I think it's just a weird set of coincidences but my favorite actress, favorite comics artist, and favorite rock band are all from Texas (Shelley Duvall, Gary Panter and the Butthole Surfers, respectively).

Not that this is a very well thought out list, but I think my favorite "southern" films are Brewster McCloud, The Texas Chainsaw Massacre, O Brother, Where Art Thou?, Paris, Texas, Lone Star, Thieves Like Us, and Alamo Bay, all but two ('Brother' & 'Thieves', I think) of which are set in Texas.



Little Nicky


It's set in the south... the deep south!
__________________
One day you will ask me, what's more important...me or your life. I will answer my life and you will walk away not knowing that you are my life



Little Nicky


It's set in the south... the deep south!
Hehe Nice one OutBreak!!! You sure where thinking hehe...
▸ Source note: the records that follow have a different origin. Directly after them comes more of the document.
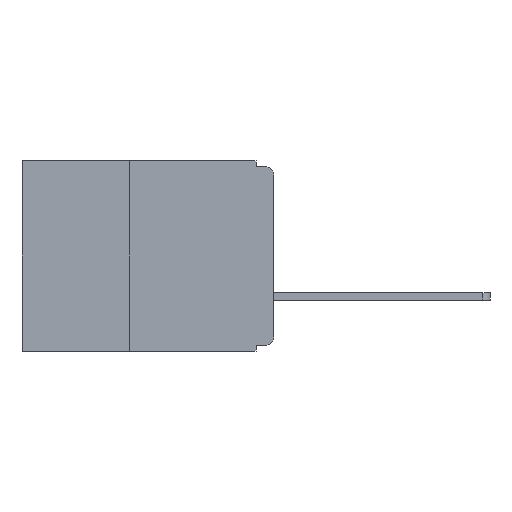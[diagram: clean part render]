
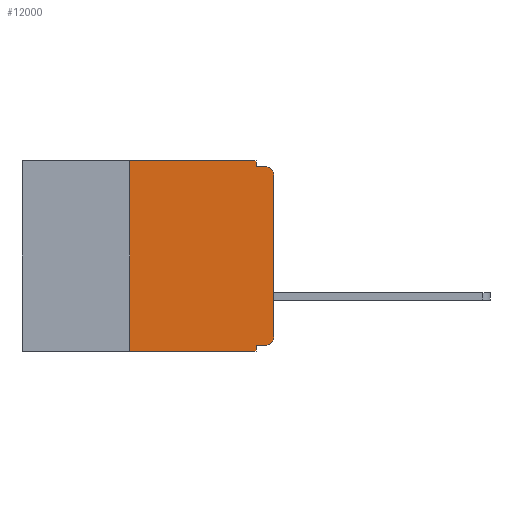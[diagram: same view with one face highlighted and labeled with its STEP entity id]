
A CAD part, left-side view. The second image highlights one B-rep face of the part: STEP entity #12000.
In plain terms, the highlighted planar face has unit normal (-1, 0, 0).
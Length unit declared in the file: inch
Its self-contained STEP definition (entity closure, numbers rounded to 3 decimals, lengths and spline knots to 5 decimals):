
#386 = ORIENTED_EDGE ( 'NONE', *, *, #20144, .T. ) ;
#787 = DIRECTION ( 'NONE',  ( 0., 0., -1. ) ) ;
#816 = DIRECTION ( 'NONE',  ( -1., 0., 0. ) ) ;
#818 = CARTESIAN_POINT ( 'NONE',  ( 0., 0.015, -0.025 ) ) ;
#922 = ORIENTED_EDGE ( 'NONE', *, *, #2546, .T. ) ;
#1197 = CARTESIAN_POINT ( 'NONE',  ( 0., 0.25, 0. ) ) ;
#1210 = CARTESIAN_POINT ( 'NONE',  ( 0., 0.031, 0. ) ) ;
#1323 = CARTESIAN_POINT ( 'NONE',  ( 0., 0.25, -0.33 ) ) ;
#1537 = EDGE_LOOP ( 'NONE', ( #386, #922, #9348, #9825, #13973, #10315, #14452, #10809, #19086, #11297 ) ) ;
#1750 = DIRECTION ( 'NONE',  ( 0., 0., 1. ) ) ;
#1865 = VECTOR ( 'NONE', #15101, 39.37008 ) ;
#2294 = CARTESIAN_POINT ( 'NONE',  ( 0., 0.031, -0.33 ) ) ;
#2464 = CARTESIAN_POINT ( 'NONE',  ( 0., 0.437, -0.33 ) ) ;
#2546 = EDGE_CURVE ( 'NONE', #6869, #16271, #5499, .T. ) ;
#3044 = DIRECTION ( 'NONE',  ( 0., -1., 0. ) ) ;
#3188 = DIRECTION ( 'NONE',  ( -1., 0., 0. ) ) ;
#3201 = VECTOR ( 'NONE', #18094, 39.37008 ) ;
#3277 = AXIS2_PLACEMENT_3D ( 'NONE', #818, #816, #787 ) ;
#3384 = CARTESIAN_POINT ( 'NONE',  ( 0., 0., -0.32 ) ) ;
#3759 = EDGE_CURVE ( 'NONE', #13688, #13164, #12003, .T. ) ;
#4093 = DIRECTION ( 'NONE',  ( 0., -1., 0. ) ) ;
#4146 = CARTESIAN_POINT ( 'NONE',  ( 0., 0., -0.025 ) ) ;
#4376 = VECTOR ( 'NONE', #8921, 39.37008 ) ;
#4560 = CARTESIAN_POINT ( 'NONE',  ( 0., 0.437, 0. ) ) ;
#4868 = LINE ( 'NONE', #13541, #4376 ) ;
#4869 = CARTESIAN_POINT ( 'NONE',  ( 0., 0.031, -0.01 ) ) ;
#5090 = VERTEX_POINT ( 'NONE', #4869 ) ;
#5377 = VERTEX_POINT ( 'NONE', #2294 ) ;
#5499 = CIRCLE ( 'NONE', #3277, 0.015 ) ;
#6430 = LINE ( 'NONE', #9616, #14212 ) ;
#6468 = EDGE_CURVE ( 'NONE', #13164, #9952, #19196, .T. ) ;
#6596 = EDGE_CURVE ( 'NONE', #16483, #8277, #17712, .T. ) ;
#6869 = VERTEX_POINT ( 'NONE', #4146 ) ;
#7162 = CARTESIAN_POINT ( 'NONE',  ( 0., 0., -0.01 ) ) ;
#7444 = LINE ( 'NONE', #7162, #7920 ) ;
#7920 = VECTOR ( 'NONE', #16440, 39.37008 ) ;
#8277 = VERTEX_POINT ( 'NONE', #12336 ) ;
#8381 = CARTESIAN_POINT ( 'NONE',  ( 0., 0.015, -0.32 ) ) ;
#8615 = EDGE_CURVE ( 'NONE', #13688, #5377, #11818, .T. ) ;
#8921 = DIRECTION ( 'NONE',  ( 0., 0., -1. ) ) ;
#9211 = FACE_OUTER_BOUND ( 'NONE', #1537, .T. ) ;
#9348 = ORIENTED_EDGE ( 'NONE', *, *, #19248, .F. ) ;
#9616 = CARTESIAN_POINT ( 'NONE',  ( 0., 0., 0. ) ) ;
#9687 = DIRECTION ( 'NONE',  ( 0., 1., 0. ) ) ;
#9825 = ORIENTED_EDGE ( 'NONE', *, *, #16683, .F. ) ;
#9952 = VERTEX_POINT ( 'NONE', #1210 ) ;
#10315 = ORIENTED_EDGE ( 'NONE', *, *, #3759, .F. ) ;
#10700 = CARTESIAN_POINT ( 'NONE',  ( 0., 0.015, -0.01 ) ) ;
#10758 = PLANE ( 'NONE',  #16871 ) ;
#10809 = ORIENTED_EDGE ( 'NONE', *, *, #16969, .F. ) ;
#10829 = DIRECTION ( 'NONE',  ( 0., 0., -1. ) ) ;
#11297 = ORIENTED_EDGE ( 'NONE', *, *, #11455, .T. ) ;
#11392 = AXIS2_PLACEMENT_3D ( 'NONE', #12546, #3188, #14124 ) ;
#11455 = EDGE_CURVE ( 'NONE', #16483, #15823, #19464, .T. ) ;
#11818 = LINE ( 'NONE', #2464, #19608 ) ;
#12000 = ADVANCED_FACE ( 'NONE', ( #9211 ), #10758, .F. ) ;
#12003 = LINE ( 'NONE', #18076, #3201 ) ;
#12336 = CARTESIAN_POINT ( 'NONE',  ( 0., 0.031, -0.32 ) ) ;
#12546 = CARTESIAN_POINT ( 'NONE',  ( 0., 0.015, -0.305 ) ) ;
#13092 = VECTOR ( 'NONE', #9687, 39.37008 ) ;
#13164 = VERTEX_POINT ( 'NONE', #1197 ) ;
#13541 = CARTESIAN_POINT ( 'NONE',  ( 0., 0.031, -0.33 ) ) ;
#13688 = VERTEX_POINT ( 'NONE', #1323 ) ;
#13973 = ORIENTED_EDGE ( 'NONE', *, *, #6468, .F. ) ;
#14124 = DIRECTION ( 'NONE',  ( 0., 0., -1. ) ) ;
#14212 = VECTOR ( 'NONE', #1750, 39.37008 ) ;
#14384 = LINE ( 'NONE', #19751, #1865 ) ;
#14452 = ORIENTED_EDGE ( 'NONE', *, *, #8615, .T. ) ;
#15040 = VECTOR ( 'NONE', #3044, 39.37008 ) ;
#15101 = DIRECTION ( 'NONE',  ( 0., 0., -1. ) ) ;
#15823 = VERTEX_POINT ( 'NONE', #18962 ) ;
#16271 = VERTEX_POINT ( 'NONE', #10700 ) ;
#16440 = DIRECTION ( 'NONE',  ( 0., -1., 0. ) ) ;
#16483 = VERTEX_POINT ( 'NONE', #8381 ) ;
#16683 = EDGE_CURVE ( 'NONE', #9952, #5090, #14384, .T. ) ;
#16871 = AXIS2_PLACEMENT_3D ( 'NONE', #4560, #20168, #10829 ) ;
#16969 = EDGE_CURVE ( 'NONE', #8277, #5377, #4868, .T. ) ;
#17712 = LINE ( 'NONE', #3384, #13092 ) ;
#18076 = CARTESIAN_POINT ( 'NONE',  ( 0., 0.25, -0.33 ) ) ;
#18094 = DIRECTION ( 'NONE',  ( 0., 0., 1. ) ) ;
#18962 = CARTESIAN_POINT ( 'NONE',  ( 0., 0., -0.305 ) ) ;
#19086 = ORIENTED_EDGE ( 'NONE', *, *, #6596, .F. ) ;
#19196 = LINE ( 'NONE', #20118, #15040 ) ;
#19248 = EDGE_CURVE ( 'NONE', #5090, #16271, #7444, .T. ) ;
#19464 = CIRCLE ( 'NONE', #11392, 0.015 ) ;
#19608 = VECTOR ( 'NONE', #4093, 39.37008 ) ;
#19751 = CARTESIAN_POINT ( 'NONE',  ( 0., 0.031, 0. ) ) ;
#20118 = CARTESIAN_POINT ( 'NONE',  ( 0., 0.437, 0. ) ) ;
#20144 = EDGE_CURVE ( 'NONE', #15823, #6869, #6430, .T. ) ;
#20168 = DIRECTION ( 'NONE',  ( 1., 0., 0. ) ) ;

Hello Salem, my name's Winifred. What's yours
Im from england but i love anything to do with the South. I LURVE steel magnolias, i love the accents everything about it ps huge dolly parton fan

Song Of The South is also a forgotten favourite of mine
__________________



Im from england but i love anything to do with the South. I LURVE steel magnolias, i love the accents everything about it ps huge dolly parton fan

Song Of The South is also a forgotten favourite of mine
Song of the South is a good choice. Saw it when I was a kid and then again as a teenager when I accompanied the lady next door, her young daughter and my youngest brother to a later rerelease. Leaving the theather, I was commenting on how enjoyable that film is, especially the Disney cartoons, after all those years. "Yes," said the neighbor lady, "and wasn't it wonderful how they trained those birds and butterflys to fly around Uncle Remus' head!"

I thought she was joking at first, but she was as serious as a heart attack! I've always wondered what she would have thought of Who Framed Roger Rabbit?"



Little Nicky


It's set in the south... the deep south!
Naw, the weather wasn't hot enough for the Gulf Coast.